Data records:
···

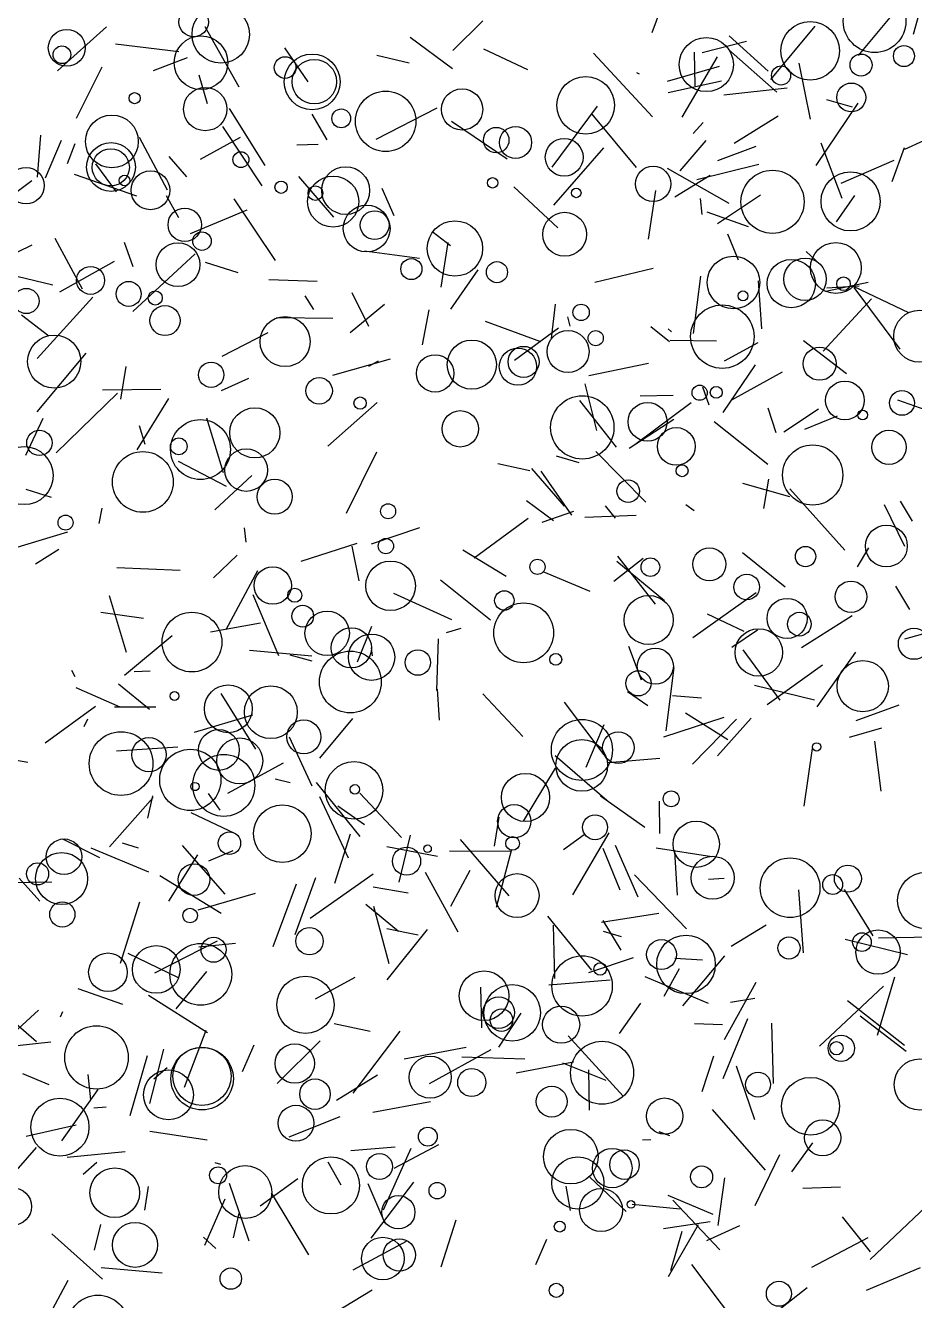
# Model space of a CAD drawing. Header units: millimetres. Extents: x -15 to 2017, y -16 to 2019.
# Drawn here: x 1034 to 1312.2, y 676.3 to 1075.5 of the extents above; entities that cross this region are included whole.
import ezdxf

# ---------------------------------------------------------------- set-up
doc = ezdxf.new("R2010")
doc.units = ezdxf.units.MM

msp = doc.modelspace()

# ---------------------------------------------------------------- linework, layer by layer
at = {"color": 59}
msp.add_line((1230.08, 1073.31), (1235.09, 1086.86), dxfattribs=at)
at = {"color": 17}
for p, q in [((1294.67, 1066.14), (1309.95, 1084.43)), ((1289.22, 1026.13), (1305.86, 1033.4)), ((1143.86, 941.93), (1134.33, 922.72)), ((1147.76, 781.77), (1143.01, 799.72)), ((1031.33, 756.18), (1041.88, 757.31))]:
    msp.add_line(p, q, dxfattribs=at)
at = {"color": 93}
for p, q in [((1315.32, 1085.19), (1311.85, 1072.69)), ((1232.52, 846.04), (1216.31, 844.63))]:
    msp.add_line(p, q, dxfattribs=at)
at = {"color": 245}
for p, q in [((1043.97, 1061.37), (1059.3, 1075.06)), ((1187.06, 970.79), (1200.82, 980.89)), ((1146.03, 704.71), (1154.71, 724.01))]:
    msp.add_line(p, q, dxfattribs=at)
at = {"color": 191}
for p, q in [((1100.83, 1056.19), (1090.17, 1075.1)), ((1273.25, 927.98), (1258.45, 932.15)), ((1311.6, 920.33), (1307.81, 926.63))]:
    msp.add_line(p, q, dxfattribs=at)
at = {"color": 237}
msp.add_line((1167.75, 1067.67), (1177.08, 1076.97), dxfattribs=at)
at = {"color": 21}
for p, q in [((1281.07, 1075.31), (1267.18, 1058.65)), ((1307.72, 974.22), (1293.39, 993.54)), ((1179.49, 889.31), (1163.89, 901.88))]:
    msp.add_line(p, q, dxfattribs=at)
at = {"color": 18}
msp.add_line((1154.35, 1071.83), (1167.62, 1062.04), dxfattribs=at)
at = {"color": 103}
msp.add_line((1259.67, 1070.55), (1245.73, 1066.92), dxfattribs=at)
at = {"color": 90}
for p, q in [((1266.45, 1061.21), (1254.21, 1072.26)), ((1245.81, 741.78), (1249.42, 752.91))]:
    msp.add_line(p, q, dxfattribs=at)
at = {"color": 1}
msp.add_line((1062.11, 1069.82), (1081.92, 1067.35), dxfattribs=at)
at = {"color": 160}
for p, q in [((1115.05, 1068.52), (1122.33, 1057.93)), ((1289.04, 711.8), (1277.26, 711.37))]:
    msp.add_line(p, q, dxfattribs=at)
at = {"color": 92}
for p, q in [((1154.01, 1063.78), (1143.88, 1066.17)), ((1060.23, 818.4), (1073.9, 833.78))]:
    msp.add_line(p, q, dxfattribs=at)
at = {"color": 220}
msp.add_line((1191.15, 1061.61), (1177.47, 1068.09), dxfattribs=at)
at = {"color": 123}
msp.add_line((1230.26, 1046.91), (1211.74, 1066.86), dxfattribs=at)
at = {"color": 146}
for p, q in [((1243.54, 1056.62), (1243.38, 1067.21)), ((1078, 1022.28), (1081.84, 1015.36)), ((1205.01, 922.19), (1195.41, 936.02)), ((1220.08, 804.8), (1214.73, 817.8))]:
    msp.add_line(p, q, dxfattribs=at)
at = {"color": 166}
for p, q in [((1254.04, 1068.01), (1269.18, 1054.61)), ((1069.58, 1040.6), (1078.3, 1024.06)), ((1212.81, 948.74), (1209.14, 963.28)), ((1219.08, 907.77), (1233.98, 895.48)), ((1136.57, 685.95), (1153.19, 694.86))]:
    msp.add_line(p, q, dxfattribs=at)
at = {"color": 77}
for p, q in [((1049.94, 1046.53), (1057.95, 1062.58)), ((1052.85, 972.93), (1037.54, 954.59)), ((1247.93, 956.64), (1246.01, 962.31)), ((1231.14, 894.32), (1219.37, 909.42)), ((1203.8, 759.2), (1221, 740.33))]:
    msp.add_line(p, q, dxfattribs=at)
at = {"color": 22}
for p, q in [((1074.03, 1061.44), (1084.69, 1065.55)), ((1257.14, 1002.1), (1253.76, 1010.17))]:
    msp.add_line(p, q, dxfattribs=at)
at = {"color": 5}
msp.add_line((1251.11, 1062.64), (1234.79, 1057.95), dxfattribs=at)
at = {"color": 109}
msp.add_line((1239.55, 1046.79), (1250.58, 1065.73), dxfattribs=at)
at = {"color": 157}
for p, q in [((1279.65, 1046.17), (1276.13, 1063.7)), ((1137.89, 876.33), (1142.34, 887.49)), ((1215.1, 847.12), (1202.67, 863.64))]:
    msp.add_line(p, q, dxfattribs=at)
at = {"color": 181}
for p, q in [((1088.2, 1060.12), (1090.83, 1051.08)), ((1222.96, 943.21), (1236.89, 952.31)), ((1207.22, 938.56), (1200.13, 940.66))]:
    msp.add_line(p, q, dxfattribs=at)
at = {"color": 54}
for p, q in [((1226.1, 1060.32), (1225.31, 1060.71)), ((1226.31, 959.53), (1236.65, 959.77)), ((1144.16, 746.84), (1131.33, 738.93))]:
    msp.add_line(p, q, dxfattribs=at)
at = {"color": 87}
for p, q in [((1251.84, 1058.05), (1235.16, 1054.49)), ((1116.83, 838.41), (1112.06, 839.52))]:
    msp.add_line(p, q, dxfattribs=at)
at = {"color": 83}
for p, q in [((1272.33, 1055.88), (1252.55, 1053.67)), ((1278.28, 1004.76), (1282.71, 1000.73)), ((1083.68, 743.07), (1090.53, 761.01)), ((1141.1, 712.9), (1146.4, 700.49))]:
    msp.add_line(p, q, dxfattribs=at)
at = {"color": 48}
for p, q in [((1212.88, 1050.31), (1198.73, 1031.14)), ((1116.53, 727.56), (1132.45, 733.92))]:
    msp.add_line(p, q, dxfattribs=at)
at = {"color": 41}
for p, q in [((1294.46, 1051.18), (1281.34, 1031.71)), ((1190.76, 926.75), (1199.18, 920.52))]:
    msp.add_line(p, q, dxfattribs=at)
at = {"color": 45}
for p, q in [((1284.69, 1052.38), (1292.7, 1050.05)), ((1057.61, 686.68), (1076.7, 685.01))]:
    msp.add_line(p, q, dxfattribs=at)
at = {"color": 148}
for p, q in [((1097.72, 1049.56), (1108.82, 1031.65)), ((1143.71, 1039.91), (1162.86, 1049.76)), ((1096.86, 931.19), (1081.88, 939.04)), ((1282.53, 756), (1302.51, 774.77))]:
    msp.add_line(p, q, dxfattribs=at)
at = {"color": 43}
msp.add_line((1123.62, 1047.76), (1128.24, 1039.69), dxfattribs=at)
at = {"color": 210}
for p, q in [((1211.21, 1047.77), (1225.07, 1031.03)), ((1309.19, 912.42), (1302.83, 925.43))]:
    msp.add_line(p, q, dxfattribs=at)
at = {"color": 14}
for p, q in [((1255.77, 1038.73), (1269.51, 1047.2)), ((1252.71, 714.75), (1250.63, 699.84)), ((1297.21, 679.52), (1314.07, 686.67))]:
    msp.add_line(p, q, dxfattribs=at)
at = {"color": 40}
for p, q in [((1108.04, 1025.29), (1095.74, 1043.94)), ((1138.75, 821.57), (1125, 838.55))]:
    msp.add_line(p, q, dxfattribs=at)
at = {"color": 184}
for p, q in [((1167.34, 1045.57), (1184.73, 1033.74)), ((1063.03, 869.45), (1072.78, 861.47))]:
    msp.add_line(p, q, dxfattribs=at)
at = {"color": 38}
for p, q in [((1246.12, 1045.12), (1242.9, 1041.7)), ((1047.12, 916.84), (1030.18, 911.75)), ((1070.9, 889.81), (1057.56, 891.71)), ((1160.42, 744.22), (1179.76, 754.91))]:
    msp.add_line(p, q, dxfattribs=at)
at = {"color": 205}
for p, q in [((1309.15, 1036.83), (1321.86, 1042.62)), ((1181.39, 799.52), (1186.14, 817.62))]:
    msp.add_line(p, q, dxfattribs=at)
at = {"color": 128}
for p, q in [((1037.69, 1028), (1038.72, 1041.14)), ((1102.45, 918.23), (1102.91, 913.79))]:
    msp.add_line(p, q, dxfattribs=at)
at = {"color": 206}
for p, q in [((1045.08, 1039.52), (1040.08, 1027.74)), ((1211.2, 779.74), (1197.45, 796.7))]:
    msp.add_line(p, q, dxfattribs=at)
at = {"color": 27}
for p, q in [((1047.11, 1032.29), (1049.54, 1038.56)), ((1252.59, 858.85), (1233.7, 852.66))]:
    msp.add_line(p, q, dxfattribs=at)
at = {"color": 115}
msp.add_line((1088.75, 1033.7), (1101.24, 1040.51), dxfattribs=at)
at = {"color": 223}
for p, q in [((1125.57, 1038.3), (1118.86, 1038.01)), ((1280.35, 725.64), (1273.7, 716.57))]:
    msp.add_line(p, q, dxfattribs=at)
at = {"color": 211}
for p, q in [((1246.87, 1039.52), (1238.78, 1029.99)), ((1170.89, 911.39), (1184.46, 903.08)), ((1095.11, 866.4), (1105.95, 848.99))]:
    msp.add_line(p, q, dxfattribs=at)
at = {"color": 204}
msp.add_line((1289.58, 1021.37), (1283, 1038.67), dxfattribs=at)
at = {"color": 114}
for p, q in [((1084.41, 1028.19), (1078.9, 1034.52)), ((1242.8, 883.86), (1262.71, 897.95)), ((1079.86, 884.4), (1064.98, 872)), ((1170.05, 820.64), (1185.2, 803.02))]:
    msp.add_line(p, q, dxfattribs=at)
at = {"color": 64}
msp.add_line((1214.9, 1037.24), (1199.26, 1019.23), dxfattribs=at)
at = {"color": 178}
for p, q in [((1250.65, 1033.22), (1262.64, 1037.75)), ((1138.4, 901.65), (1136.23, 912.52)), ((1087.98, 798.68), (1105.92, 803.81))]:
    msp.add_line(p, q, dxfattribs=at)
at = {"color": 248}
for p, q in [((1305.24, 1026.68), (1309.1, 1037.36)), ((1268.89, 947.98), (1266.41, 955.72)), ((1096.39, 708.01), (1090.02, 693.52))]:
    msp.add_line(p, q, dxfattribs=at)
at = {"color": 95}
for p, q in [((1062.45, 1023.45), (1055.98, 1032.18)), ((1130.19, 983.78), (1112.48, 984.01)), ((1273.24, 930.48), (1290.38, 911.27)), ((1122.65, 690.6), (1110.95, 709.99))]:
    msp.add_line(p, q, dxfattribs=at)
at = {"color": 138}
for p, q in [((1254.22, 1019.79), (1234.86, 1030.73)), ((1037.3, 724.2), (1025.24, 710.48))]:
    msp.add_line(p, q, dxfattribs=at)
at = {"color": 74}
msp.add_line((1263.5, 1032.02), (1244.14, 1027.22), dxfattribs=at)
at = {"color": 241}
msp.add_line((1018.68, 1014.11), (1035.92, 1027.03), dxfattribs=at)
at = {"color": 173}
for p, q in [((1068.77, 1022.1), (1049.28, 1028.85)), ((1215.7, 745.15), (1202.15, 750.59)), ((1265.88, 670.38), (1278.62, 680.42))]:
    msp.add_line(p, q, dxfattribs=at)
at = {"color": 105}
msp.add_line((1130.47, 1015.49), (1119.54, 1028.26), dxfattribs=at)
at = {"color": 117}
for p, q in [((1237.22, 1021.86), (1248.24, 1028.65)), ((1164.11, 993.63), (1166.26, 1007.59)), ((1306.24, 900.03), (1310.68, 892.71)), ((1258.87, 885.83), (1247.45, 891.26))]:
    msp.add_line(p, q, dxfattribs=at)
at = {"color": 28}
for p, q in [((1149.36, 1015.9), (1145.58, 1024.47)), ((1168.69, 701.51), (1163.98, 686.77)), ((1193.74, 687.63), (1197.14, 695.5))]:
    msp.add_line(p, q, dxfattribs=at)
at = {"color": 251}
msp.add_line((1186.85, 1025), (1200.6, 1012.22), dxfattribs=at)
at = {"color": 212}
for p, q in [((1228.94, 1008.63), (1231.26, 1023.83)), ((1034.72, 844.79), (1018.13, 847.64))]:
    msp.add_line(p, q, dxfattribs=at)
at = {"color": 25}
for p, q in [((1263.99, 1022.42), (1250.56, 1013.42)), ((1067.94, 873.3), (1072.97, 873.46))]:
    msp.add_line(p, q, dxfattribs=at)
at = {"color": 199}
for p, q in [((1287.77, 1014.02), (1293.54, 1022.27)), ((1042.11, 927.76), (1034.12, 930.22)), ((1122.52, 667.53), (1142.51, 679.67))]:
    msp.add_line(p, q, dxfattribs=at)
at = {"color": 85}
for p, q in [((1112.18, 1001.94), (1099.32, 1021.23)), ((1235.5, 976.53), (1229.73, 981.15)), ((1210.49, 735.87), (1210.27, 748.54)), ((1128.59, 719.74), (1132.65, 712.56)), ((1317.88, 707.58), (1298.36, 689.15))]:
    msp.add_line(p, q, dxfattribs=at)
at = {"color": 91}
for p, q in [((1245.17, 1021.31), (1245.71, 1016.38)), ((1234.49, 854.68), (1237.03, 874.5)), ((1123.05, 795.99), (1142.76, 809.96)), ((1136.55, 741.24), (1151.23, 760.68)), ((1223.83, 706.44), (1238.9, 704.98))]:
    msp.add_line(p, q, dxfattribs=at)
at = {"color": 99}
for p, q in [((1085.64, 1010.37), (1103.39, 1017.82)), ((1167.1, 799.79), (1173.14, 811.07)), ((1210.58, 714.98), (1221.96, 704.2))]:
    msp.add_line(p, q, dxfattribs=at)
at = {"color": 20}
msp.add_line((1247.18, 1017.14), (1260.16, 1012.56), dxfattribs=at)
at = {"color": 152}
for p, q in [((1161.54, 1010.86), (1167.03, 1006.63)), ((1107.39, 705.91), (1119.17, 714.56))]:
    msp.add_line(p, q, dxfattribs=at)
at = {"color": 65}
msp.add_line((1035.98, 1006.76), (1026.72, 1002.27), dxfattribs=at)
at = {"color": 86}
for p, q in [((1051.77, 992.98), (1043.26, 1008.8)), ((1231.37, 818.08), (1248.83, 815.3))]:
    msp.add_line(p, q, dxfattribs=at)
at = {"color": 140}
for p, q in [((1064.83, 1007.7), (1067.54, 1000.03)), ((1072.21, 827.29), (1073.82, 834.32)), ((1237.09, 816.92), (1237.92, 803.2))]:
    msp.add_line(p, q, dxfattribs=at)
at = {"color": 159}
msp.add_line((1067.6, 985.98), (1087.06, 1004), dxfattribs=at)
at = {"color": 135}
for p, q in [((1140.03, 1004.95), (1157.33, 1002.64)), ((1032.7, 984.94), (1041.3, 978.32))]:
    msp.add_line(p, q, dxfattribs=at)
at = {"color": 107}
for p, q in [((1042.52, 994.27), (1025.52, 998.26)), ((1236.21, 979.65), (1235.1, 980.56)), ((1130.2, 966.07), (1148.17, 971.2))]:
    msp.add_line(p, q, dxfattribs=at)
at = {"color": 84}
msp.add_line((1061.76, 1001.59), (1044.56, 992.08), dxfattribs=at)
at = {"color": 201}
msp.add_line((1090.2, 1001.42), (1100.39, 998.23), dxfattribs=at)
at = {"color": 243}
for p, q in [((1167.14, 986.7), (1175.69, 999.04)), ((1298.81, 989.95), (1283.59, 973.51)), ((1114.56, 844.51), (1097.17, 835.02))]:
    msp.add_line(p, q, dxfattribs=at)
at = {"color": 23}
msp.add_line((1230.39, 999.46), (1212.19, 995.1), dxfattribs=at)
at = {"color": 174}
for p, q in [((1125.3, 995.42), (1110.12, 995.93)), ((1065.58, 879.23), (1060.27, 896.9))]:
    msp.add_line(p, q, dxfattribs=at)
at = {"color": 69}
for p, q in [((1245.27, 996.99), (1242.95, 979.05)), ((1277.45, 976.91), (1290.96, 966.53))]:
    msp.add_line(p, q, dxfattribs=at)
at = {"color": 193}
for p, q in [((1264.48, 980.6), (1263.42, 995.6)), ((1225.75, 802.56), (1218.66, 818.8)), ((1290.24, 805.01), (1299.21, 790.5)), ((1074.09, 745.69), (1078.27, 749.3))]:
    msp.add_line(p, q, dxfattribs=at)
at = {"color": 122}
msp.add_line((1284.46, 992.35), (1297.76, 995.17), dxfattribs=at)
at = {"color": 164}
for p, q in [((1055.08, 990.49), (1037.6, 971.29)), ((1128.61, 943.8), (1144.05, 957.5)), ((1288.04, 953.18), (1277.8, 949.07)), ((1275.94, 804.86), (1277.35, 785.16))]:
    msp.add_line(p, q, dxfattribs=at)
at = {"color": 147}
msp.add_line((1121.37, 990.89), (1124.12, 986.57), dxfattribs=at)
at = {"color": 131}
msp.add_line((1136.06, 991.95), (1141.3, 981.43), dxfattribs=at)
at = {"color": 70}
for p, q in [((1294.95, 993.91), (1284.78, 993.29)), ((1043.56, 941.75), (1062.75, 960.43)), ((1309.58, 754.24), (1295.19, 765.37)), ((1190.23, 751.92), (1170.54, 752.48)), ((1262.33, 706.08), (1270.11, 722.08))]:
    msp.add_line(p, q, dxfattribs=at)
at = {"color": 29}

···

> **TASK ITEM**
Counting only lines that contain the string "ezdxf", how many are there in the data above? Give the number alone.

> **TASK RESULT**
3